I got an email today asking what ought to be the criteria for determining what catalogs we should keep and which we should pitch. We're doing like a once a decade clean up in the TD classroom and catalogs are a fairly obvious decluttering target.
So I start to type back: "you can certainly pitch any duplicates, probably anything that looks like it is more than five years old - but put the ones that are going to go into a pile so Kevin and I can see them first so we don't lose something special." But I stopped myself. I'm wondering if the answer ought not be different.
I'm thinking maybe: pitch everything.
The way we do our job has changed, and I think maybe it has left hardcopy catalogs behind. Going to an industry convention used to include lugging around a bag full of company catalogs, now you shoot a photo of the booth with your phone and do a web search when you go back to work.

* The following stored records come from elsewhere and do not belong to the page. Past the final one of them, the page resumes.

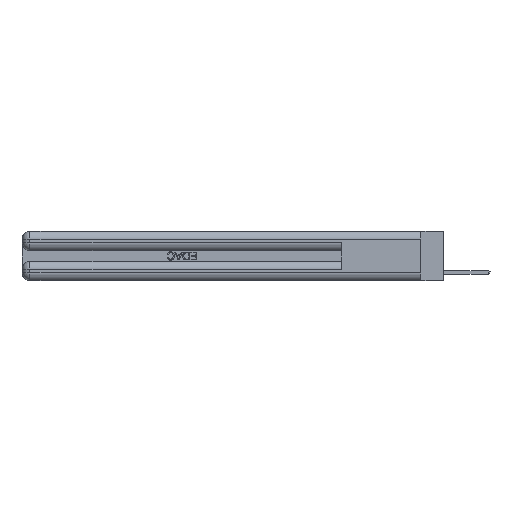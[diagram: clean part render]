
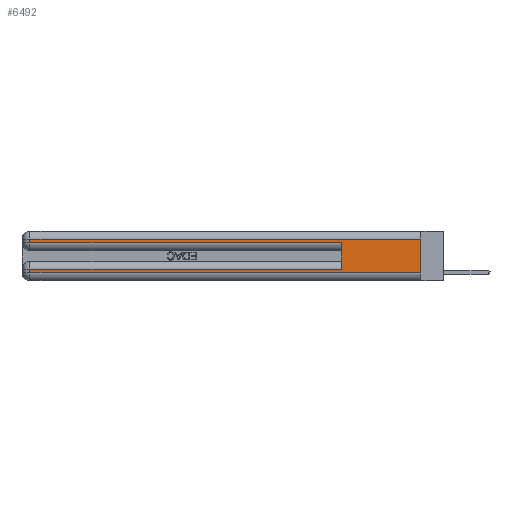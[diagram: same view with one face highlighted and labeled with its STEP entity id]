
A CAD part, left-side view. The second image highlights one B-rep face of the part: STEP entity #6492.
In plain terms, the highlighted planar face has unit normal (-1, 0, 0).
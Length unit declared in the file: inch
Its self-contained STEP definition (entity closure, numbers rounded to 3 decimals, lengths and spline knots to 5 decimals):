
#1084 = CARTESIAN_POINT ( 'NONE',  ( 0., 2.94, 0.31 ) ) ;
#1287 = ORIENTED_EDGE ( 'NONE', *, *, #7014, .T. ) ;
#2683 = PLANE ( 'NONE',  #30070 ) ;
#2925 = CARTESIAN_POINT ( 'NONE',  ( 0., 2.94, 0.06 ) ) ;
#3343 = DIRECTION ( 'NONE',  ( 0., 0., -1. ) ) ;
#3761 = LINE ( 'NONE', #24307, #13867 ) ;
#4306 = DIRECTION ( 'NONE',  ( 0., -1., 0. ) ) ;
#4350 = ORIENTED_EDGE ( 'NONE', *, *, #25265, .T. ) ;
#4580 = VECTOR ( 'NONE', #18236, 39.37008 ) ;
#4668 = VECTOR ( 'NONE', #7922, 39.37008 ) ;
#5179 = VERTEX_POINT ( 'NONE', #23723 ) ;
#5229 = CARTESIAN_POINT ( 'NONE',  ( 0., 2.94, 0.37 ) ) ;
#5891 = VECTOR ( 'NONE', #4306, 39.37008 ) ;
#6469 = DIRECTION ( 'NONE',  ( 0., 0., 1. ) ) ;
#6492 = ADVANCED_FACE ( 'NONE', ( #28629 ), #2683, .F. ) ;
#6711 = VERTEX_POINT ( 'NONE', #32645 ) ;
#7014 = EDGE_CURVE ( 'NONE', #8103, #25801, #14580, .T. ) ;
#7792 = CARTESIAN_POINT ( 'NONE',  ( 0., 0.6, 0.285 ) ) ;
#7881 = DIRECTION ( 'NONE',  ( 1., 0., 0. ) ) ;
#7906 = VECTOR ( 'NONE', #3343, 39.37008 ) ;
#7922 = DIRECTION ( 'NONE',  ( 0., 0., -1. ) ) ;
#8103 = VERTEX_POINT ( 'NONE', #32469 ) ;
#9110 = CARTESIAN_POINT ( 'NONE',  ( 0., 2.94, 0.085 ) ) ;
#9729 = LINE ( 'NONE', #12417, #26293 ) ;
#9997 = ORIENTED_EDGE ( 'NONE', *, *, #19187, .T. ) ;
#10300 = EDGE_CURVE ( 'NONE', #32215, #28571, #15666, .T. ) ;
#10385 = ORIENTED_EDGE ( 'NONE', *, *, #28793, .F. ) ;
#12417 = CARTESIAN_POINT ( 'NONE',  ( 0., 0., 0.06 ) ) ;
#12549 = CARTESIAN_POINT ( 'NONE',  ( 0., 0., 0.285 ) ) ;
#13594 = DIRECTION ( 'NONE',  ( 0., 1., 0. ) ) ;
#13867 = VECTOR ( 'NONE', #6469, 39.37008 ) ;
#14469 = ORIENTED_EDGE ( 'NONE', *, *, #18641, .T. ) ;
#14580 = LINE ( 'NONE', #12549, #5891 ) ;
#14618 = ORIENTED_EDGE ( 'NONE', *, *, #17516, .T. ) ;
#15666 = LINE ( 'NONE', #5229, #4668 ) ;
#15850 = DIRECTION ( 'NONE',  ( 0., 0., -1. ) ) ;
#15892 = EDGE_CURVE ( 'NONE', #27078, #5179, #18255, .T. ) ;
#16013 = CARTESIAN_POINT ( 'NONE',  ( 0., 0., 0.085 ) ) ;
#16145 = LINE ( 'NONE', #26440, #7906 ) ;
#17516 = EDGE_CURVE ( 'NONE', #23355, #8103, #16145, .T. ) ;
#18173 = DIRECTION ( 'NONE',  ( 0., 0., -1. ) ) ;
#18236 = DIRECTION ( 'NONE',  ( 0., 1., 0. ) ) ;
#18255 = LINE ( 'NONE', #28538, #26668 ) ;
#18641 = EDGE_CURVE ( 'NONE', #6711, #32215, #29028, .T. ) ;
#19187 = EDGE_CURVE ( 'NONE', #27078, #23355, #31795, .T. ) ;
#20162 = DIRECTION ( 'NONE',  ( 0., -1., 0. ) ) ;
#20583 = VECTOR ( 'NONE', #13594, 39.37008 ) ;
#23238 = CARTESIAN_POINT ( 'NONE',  ( 0., 0., 0.37 ) ) ;
#23355 = VERTEX_POINT ( 'NONE', #1084 ) ;
#23723 = CARTESIAN_POINT ( 'NONE',  ( 0., 0., 0.06 ) ) ;
#23956 = EDGE_LOOP ( 'NONE', ( #24501, #9997, #14618, #1287, #10385, #14469, #23972, #4350 ) ) ;
#23972 = ORIENTED_EDGE ( 'NONE', *, *, #10300, .T. ) ;
#24307 = CARTESIAN_POINT ( 'NONE',  ( 0., 0.6, 0.145 ) ) ;
#24501 = ORIENTED_EDGE ( 'NONE', *, *, #15892, .F. ) ;
#25265 = EDGE_CURVE ( 'NONE', #28571, #5179, #9729, .T. ) ;
#25801 = VERTEX_POINT ( 'NONE', #7792 ) ;
#26293 = VECTOR ( 'NONE', #20162, 39.37008 ) ;
#26440 = CARTESIAN_POINT ( 'NONE',  ( 0., 2.94, 0.37 ) ) ;
#26668 = VECTOR ( 'NONE', #15850, 39.37008 ) ;
#27078 = VERTEX_POINT ( 'NONE', #30575 ) ;
#28538 = CARTESIAN_POINT ( 'NONE',  ( 0., 0., 0.37 ) ) ;
#28571 = VERTEX_POINT ( 'NONE', #2925 ) ;
#28629 = FACE_OUTER_BOUND ( 'NONE', #23956, .T. ) ;
#28793 = EDGE_CURVE ( 'NONE', #6711, #25801, #3761, .T. ) ;
#29028 = LINE ( 'NONE', #16013, #4580 ) ;
#30070 = AXIS2_PLACEMENT_3D ( 'NONE', #23238, #7881, #18173 ) ;
#30575 = CARTESIAN_POINT ( 'NONE',  ( 0., 0., 0.31 ) ) ;
#31293 = CARTESIAN_POINT ( 'NONE',  ( 0., 0., 0.31 ) ) ;
#31795 = LINE ( 'NONE', #31293, #20583 ) ;
#32215 = VERTEX_POINT ( 'NONE', #9110 ) ;
#32469 = CARTESIAN_POINT ( 'NONE',  ( 0., 2.94, 0.285 ) ) ;
#32645 = CARTESIAN_POINT ( 'NONE',  ( 0., 0.6, 0.085 ) ) ;

I have a class where I talk about purchasing where I talk about a lot of what could only be considered vestigial technical design resources. Usually I tell them about the Thomas Register - a hardcopy, 20 odd volume industrial directory where the contact information was as often as not a snailmail address - not even a phone number let alone an email.
Sometimes I tell them about a thing called "The Yellow Pages" and how you had to be savvy about where to look for ads because they wouldn't always turn up where you thought they ought to be. These days when I encounter a phone book I am usually wondering why the person that left it for me isn't being charged with littering. There is a high probability that nearly all of my current students have never once cracked a phonebook.
There used to be these thick, spiral bound industry guides like "800 Chicago Production Resource" or some such thing, and annual issues of "Theater Crafts" that was a dedicated industry resource. I haven't seen an updated version of either of those in a while. Some of the Penton magazines that come into the school do still do an annual buyers guide, but I think that's more about publishing momentum or ad sales than it is about utility.
I can remember getting my first Grainger catalog and somehow finagling my first McMaster-Carr catalog. I used to spend some time every month or so filling out a document request card from "Hydraulics & Pneumatics" magazine so I could get more catalogs. I couldn't have done my job without catalogs from Outwater and McNichols.
The web pretty much ended all that, yes? Maybe pitch everything.